At the proximate level, mechanisms that regulate the co-variation of personality and cognitive traits (e.g.40,41,42,43,44) show how intraspecific variation in the responsiveness of the hypothalamic-pituitary-adrenal axis to stressors is associated to inter-individual variation in cognitive performance. The pleiotropic effects of hormones such as glucocorticoids can generate co-variation at multiple levels and thus contribute to behavioural and cognitive co-variation45. Several behavioural traits that characterize personality and cognitive styles may in fact relate to differences in how individuals respond hormonally to stressors45. There is evidence that cognitive performance might be affected by a combination of personality, the kind of reinforcement (positive or negative) used in the learning contingency (e.g.46) and the nature of the stress (related or unrelated in time and space with the learning experience, e.g.47) experienced by the individual. Also in this case, results seem context- and task-dependent. Specifically, lower levels of corticosterone/cortisol are associated with faster learning (e.g.41,42) or higher persistence and number of errors (e.g.48). Only a few studies, however, have considered the ultimate consequences of a cognitive style/personality syndrome, which could give insight into its evolution and maintenance (e.g.39).

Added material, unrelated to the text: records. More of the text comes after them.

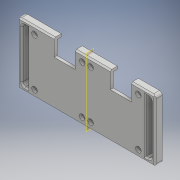
# Autodesk Inventor part: front-stereo2
Saved by Autodesk Inventor 2017 (Build 210142000, 142)
## iProperties
Created: 2017-04-10
Part Number: front-stereo2
Material: Generic
Document SubType Name: Modeling
Designer: Matt Bierner
Density: 1 g/cm^3
Appearance: Default
Author: Matt Bierner
Autodesk Inventor part; units mm, degrees
ref_plane "XZ Plane" through (0, 0, 0) normal (0, 1, 0) x (-1, 0, 0)
ref_plane "XY Plane" through (0, 0, 0) normal (0, 0, 1) x (1, 0, 0)
sketch "Sketch1" plane through (0, 0, 0) normal (0, 1, 0) x (-1, 0, 0)
  line L0 (49, 22) -> (-49, 22)
  line L1 (-49, 22) -> (-49, -22)
  line L2 (-49, -22) -> (49, -22)
  line L3 (49, -22) -> (49, 22)
  line L4 (49, 22) -> (-49, -22) construction
  line L5 (-49, 22) -> (49, -22) construction
  point P0 (0, 0)
  dimension "d0" = 44
  dimension "d1" = 98
  constraints: 12 end point, 2 midpoint, 2 parallel, 1 horizontal, 1 perpendicular
  measures "d0" distance of L2.end L0.start
  measures "d1" distance of L1.end L2.end
extrude "Extrusion1" add sketch "Sketch1" along normal blind 5
sketch "Sketch2" plane through (0, 5, 0) normal (0, 1, 0) x (1, 0, 0)
  line L0 (68.6, 0) -> (-68.6, 0) projected
  line L1 (0, 30.8) -> (0, -30.8) projected
  line L2 (-40, -20) -> (0, -20)
  line L3 (0, -20) -> (0, 20)
  line L4 (0, 20) -> (-40, 20)
  line L5 (-40, 20) -> (-40, -20)
  line L6 (-40, -20) -> (0, 20) construction
  line L7 (0, -20) -> (-40, 20) construction
  point P0 (0, 0)
  point P1 (-20, 0)
  dimension "d4" = 40
  dimension "d5" = 40
  dimension "d6" = 0
  constraints: 12 end point, 2 midpoint, 2 parallel, 1 horizontal, 1 perpendicular, 1 point on line
  measures "d4" distance of L3.end L4.end
  measures "d5" distance of L2.end L3.end
  measures "d6" distance between parallel lines of L1 L3
extrude "Extrusion2" cut sketch "Sketch2" against normal blind 3
sketch "Sketch3" plane through (0, 2, 0) normal (0, 1, 0) x (1, 0, 0)
  line L0 (0, -20) -> (-40, -20) projected
  line L1 (0, 20) -> (0, -20) projected
  line L2 (-40, 20) -> (0, 20) projected
  line L3 (-40, -20) -> (-40, 20) projected
  line L4 (-40, -20) -> (-40, 20) projected
  line L5 (-40, 20) -> (-34, 20)
  line L6 (-34, 20) -> (-34, 14)
  line L7 (-34, 14) -> (-40, 14)
  line L8 (-40, 14) -> (-40, 20)
  line L9 (0, 20) -> (0, -20) projected
  line L10 (0, 20) -> (-6, 20)
  line L11 (-6, 20) -> (-6, 14)
  line L12 (-6, 14) -> (0, 14)
  line L13 (0, 14) -> (0, 20)
  line L14 (0, -20) -> (-40, -20) projected
  line L15 (-40, -20) -> (-34, -20)
  line L16 (-34, -20) -> (-34, -14)
  line L17 (-34, -14) -> (-40, -14)
  line L18 (-40, -14) -> (-40, -20)
  line L19 (0, -20) -> (-6, -20)
  line L20 (-6, -20) -> (-6, -14)
  line L21 (-6, -14) -> (0, -14)
  line L22 (0, -14) -> (0, -20)
  point P0 (0, 0)
  dimension "d9" = 6
  dimension "d10" = 6
  dimension "d11" = 6
  dimension "d12" = 6
  dimension "d13" = 6
  dimension "d14" = 6
  dimension "d15" = 6
  dimension "d69" = 6
  constraints: 32 end point, 8 parallel, 4 horizontal, 4 perpendicular
  measures "d9" distance of L6.end L7.end
  measures "d10" distance of L5.end L6.end
  measures "d11" distance of L12.end L11.end
  measures "d12" distance of L17.end L16.end
  measures "d13" distance of L16.end L15.end
  measures "d14" distance of L20.end L21.end
  measures "d15" distance of L19.end L20.end
  measures "d69" distance of L10.end L11.end
extrude "Extrusion3" add sketch "Sketch3" along normal blind 2 contours L0 L20 L21 L1 | L0 L3 L17 L16 | L12 L11 L2 L1 | L3 L2 L6 L7
sketch "Sketch5" plane through (0, 5, 0) normal (0, 1, 0) x (1, 0, 0)
  line L0 (68.6, 0) -> (-68.6, 0) projected
  line L1 (-42, 19) -> (-46, 19)
  line L2 (-46, 19) -> (-46, -19)
  line L3 (-46, -19) -> (-42, -19)
  line L4 (-42, -19) -> (-42, 19)
  line L5 (-42, 19) -> (-46, -19) construction
  line L6 (-46, 19) -> (-42, -19) construction
  line L7 (-40, -20) -> (-40, 20) projected
  point P0 (0, 0)
  point P1 (-44, 0)
  dimension "d25" = 38
  dimension "d26" = 2
  dimension "d27" = 4
  constraints: 12 end point, 2 midpoint, 2 parallel, 1 horizontal, 1 perpendicular, 1 point on line
  measures "d25" distance of L3.end L1.start
  measures "d26" distance between parallel lines of L7 L4
  measures "d27" distance of L2.end L3.end
extrude "Extrusion5" cut sketch "Sketch5" against normal through all
sketch "Sketch6" plane through (0, 2, 0) normal (0, 1, 0) x (1, 0, 0)
  line L0 (-34, 20) -> (-34, 14) projected
  line L1 (-34, 14) -> (-40, 14) projected
  line L2 (-40, -14) -> (-40, 14) projected
  line L3 (-40, -14) -> (-34, -14) projected
  line L4 (-34, -14) -> (-34, -20) projected
  line L5 (-6, -20) -> (-34, -20) projected
  line L6 (-6, -20) -> (-6, -14) projected
  line L7 (-6, -14) -> (0, -14) projected
  line L8 (0, 14) -> (0, -14) projected
  line L9 (0, 14) -> (-6, 14) projected
  line L10 (-6, 14) -> (-6, 20) projected
  line L11 (-34, 20) -> (-6, 20) projected
  line L12 (-6, -20) -> (-34, -20) projected
  line L13 (-23, -20) -> (-8, -20)
  line L14 (-8, -20) -> (-8, -10)
  line L15 (-8, -10) -> (-23, -10)
  line L16 (-23, -10) -> (-23, -20)
  line L17 (-8, -20) -> (-23, -20)
  line L18 (-23, -20) -> (-23, -30)
  line L19 (-23, -30) -> (-8, -30)
  line L20 (-8, -30) -> (-8, -20)
  point P0 (0, 0)
  dimension "d38" = 10
  dimension "d39" = 15
  dimension "d40" = 8
  dimension "d70" = 10
  constraints: 16 end point, 4 parallel, 2 horizontal, 2 perpendicular, 1 point on line
  measures "d38" distance of L15.end L13.start
  measures "d39" distance of L14.end L15.end
  measures "d40" distance between parallel lines of L8 L14
  measures "d70" distance of L18.end L17.end
extrude "Extrusion6" cut sketch "Sketch6" along normal through all both and the other way through all contours L16 L15 L14 L5 | L5 L20 L19 L18
pattern_linear "Rectangular Pattern1" count 2 spacing 40 along (1, 0, 0) of "Extrusion2", "Extrusion3", "Extrusion6"
mirror "Mirror2" about plane through (0, 0, 0) normal (1, 0, 0) of "Extrusion5"
chamfer "Chamfer3" distance 1 angle 45 6 edges at (-49, 0, 0) (0, 0, -22) (40.5, 0, 22) (4.5, 0, 22) (-36, 0, 22) (49, 0, 0)
fillet "Fillet4" radius 2 2 edges at (-46, 2.5, -19) (-46, 2.5, 19)
fillet "Fillet5" radius 2 4 edges at (-49, 3, -22) (-49, 3, 22) (49, 3, 22) (49, 3, -22)
fillet "Fillet6" radius 2 2 edges at (46, 2.5, 19) (46, 2.5, -19)
chamfer "Chamfer4" distance 1 angle 45 12 edges at (-42, 0, 0) (-43, 0, 19) (-45.4142, 0, 18.4142) (-46, 0, 0) (-45.4142, 0, -18.4142) (-43, 0, -19) (46, 0, 0) (45.4142, 0, -18.4142) (43, 0, -19) (45.4142, 0, 18.4142) (43, 0, 19) (42, 0, 0)
sketch "Sketch8" plane through (0, 0, 0) normal (0, -1, 0) x (1, 0, 0)
  line L0 (0, 30.8) -> (0, -30.8) projected
  line L1 (-68.6, 0) -> (68.6, 0) projected
  line L2 (37, 17) -> (3, 17)
  line L3 (3, 17) -> (3, -17)
  line L4 (3, -17) -> (37, -17)
  line L5 (37, -17) -> (37, 17)
  line L6 (37, 17) -> (3, -17) construction
  line L7 (3, 17) -> (37, -17) construction
  point P0 (0, 0)
  point P1 (20, 0)
  dimension "d59" = 34
  dimension "d60" = 34
  dimension "d61" = 20
  constraints: 12 end point, 2 midpoint, 2 parallel, 1 horizontal, 1 perpendicular, 1 point on line
  measures "d59" distance of L4.end L3.end
  measures "d60" distance of L2.end L3.end
  measures "d61" distance from line of L0 point (20, 0)
hole "Hole1" at (37, 0, -17) at (37, 0, 17) at (3, 0, 17) at (3, 0, -17) direction (0, 1, 0) diameter 2 depth 12 tip angle 118 counterbore diameter 4 counterbore depth 2
mirror "Mirror3" about plane through (0, 0, 0) normal (1, 0, 0) of "Hole1"
body "Solid1"
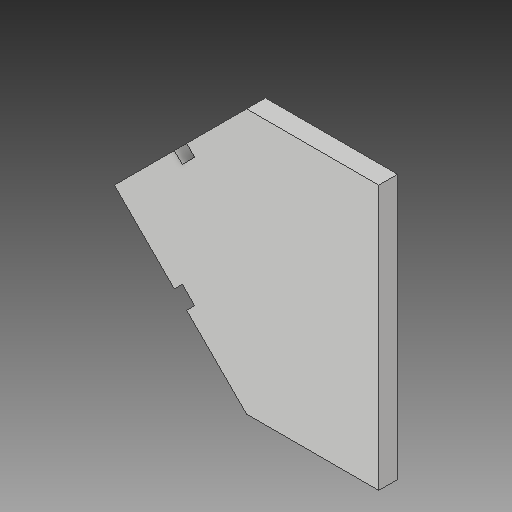
# Autodesk Inventor part: frame1
Saved by Autodesk Inventor 2019 (Build 230136000, 136)
## iProperties
Created: 2020-03-15
Part Number: frame1
Material: Generic
Document SubType Name: Modeling
Designer: Pulag
Mass: 18.2359 g
Surface Area: 85.4934 cm^2
Volume: 18.2359 cm^3
Density: 1 g/cm^3
Appearance: Default
Author: Pulag
Autodesk Inventor part; units mm, degrees
ref_plane "YZ Plane" through (0, 0, 0) normal (1, 0, 0) x (0, 1, 0)
ref_plane "XZ Plane" through (0, 0, 0) normal (0, 1, 0) x (-1, 0, 0)
ref_plane "XY Plane" through (0, 0, 0) normal (0, 0, 1) x (1, 0, 0)
sketch "Sketch1" plane through (0, 0, 0) normal (0, 0, 1) x (1, 0, 0)
  line L0 (0, 35) -> (35, 35)
  line L1 (35, 35) -> (35, -35)
  line L2 (0, -35) -> (-35, 0)
  line L3 (0, 35) -> (-35, 0)
  line L4 (35, -35) -> (0, -35)
  point P0 (0, 0)
  dimension "d1" = 70
  constraints: 10 end point, 2 horizontal, 1 perpendicular
  measures "d1" distance of L0.end L1.end
extrude "Extrusion1" add sketch "Sketch1" along normal blind 5
sketch "Sketch2" plane through (0, 0, 5) normal (0, 0, 1) x (1, 0, 0)
  line L0 (0, 35) -> (-35, 0) projected
  line L1 (-35, 0) -> (0, -35) projected
  line L2 (-13.7396, 17.0178) -> (-15.8609, 19.1391)
  line L3 (-17.0178, 13.7396) -> (-19.1391, 15.8609)
  line L4 (-13.7396, 17.0178) -> (-17.0178, 13.7396)
  line L5 (0, 0) -> (-35, 0)
  line L6 (-13.7396, -17.0178) -> (-15.8609, -19.1391)
  line L7 (-17.0178, -13.7396) -> (-19.1391, -15.8609)
  line L8 (-13.7396, -17.0178) -> (-17.0178, -13.7396)
  line L9 (-15.8609, 19.1391) -> (-19.1391, 15.8609)
  line L10 (-19.1391, -15.8609) -> (-15.8609, -19.1391)
  dimension "d6" = 4.636
  constraints: 18 end point, 4 symmetric about line, 2 collinear, 2 point on line, 1 horizontal, 1 perpendicular
  measures "d6" distance of L3.start L2.start
extrude "Extrusion2" cut sketch "Sketch2" against normal blind 5
body "Solid1"
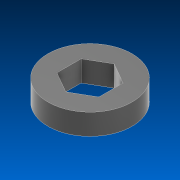
# Autodesk Inventor part: 1_8 Spacer 1_4 Hex Custom
Saved by Autodesk Inventor 2022.2 (Build 262287000, 287)
## iProperties
Created: 2022-01-04
Part Number: 1_8 Spacer 1_4 Hex Custom
Material: PET Plastic
Document SubType Name: Modeling
Designer: omard
Density: 1.541 g/cm^3
Appearance: Smooth - Black
Author: omard
Autodesk Inventor part; units mm, degrees
ref_plane "YZ Plane" through (0, 0, 0) normal (1, 0, 0) x (0, 1, 0)
ref_plane "XZ Plane" through (0, 0, 0) normal (0, 1, 0) x (-1, 0, 0)
ref_plane "XY Plane" through (0, 0, 0) normal (0, 0, 1) x (1, 0, 0)
sketch "Sketch1" plane through (0, 0, 0) normal (0, 1, 0) x (-1, 0, 0)
  line L0 (0, 3.6662) -> (3.175, 1.8331)
  line L1 (3.175, 1.8331) -> (3.175, -1.8331)
  line L2 (3.175, -1.8331) -> (0, -3.6662)
  line L3 (0, -3.6662) -> (-3.175, -1.8331)
  line L4 (-3.175, -1.8331) -> (-3.175, 1.8331)
  line L5 (-3.175, 1.8331) -> (0, 3.6662)
  circle A0 centre (0, 0) radius 6.35
  dimension "d0" = 6.35
  dimension "d1" = 12.7
  constraints: 12 end point, 2 coincident, 1 centre point, 1 vertical, 13 other
  measures "d0" distance between parallel lines of L4 L1
  measures "d1" diameter of A0
extrude "Extrusion1" add sketch "Sketch1" along normal blind 3.175
body "Solid1"

In the present study we investigated whether the same potential constraint acting on both personality and cognitive style (a consistent risk-reward bias) can lead to differences in how individuals face the trade-off posed by foraging and anti-predator decisions. In other words, whether 1) individuals showed a risk-reward bias consistent with the previously assessed cognitive style/personality syndrome and 2) whether this bias was expressed in an ecologically-relevant dimension. Our study species was the bank vole (Myodes glareolus), a non-social rodent common in Eurasia that subsists on temporally unpredictable food resources (e.g.49) and is subject to intense predation by avian and terrestrial predators (e.g.50). Bank voles thus make a suitable study species to address how individuals with different cognitive styles and personality approach the trade-offs caused by the conflicting needs of foraging and avoiding predation.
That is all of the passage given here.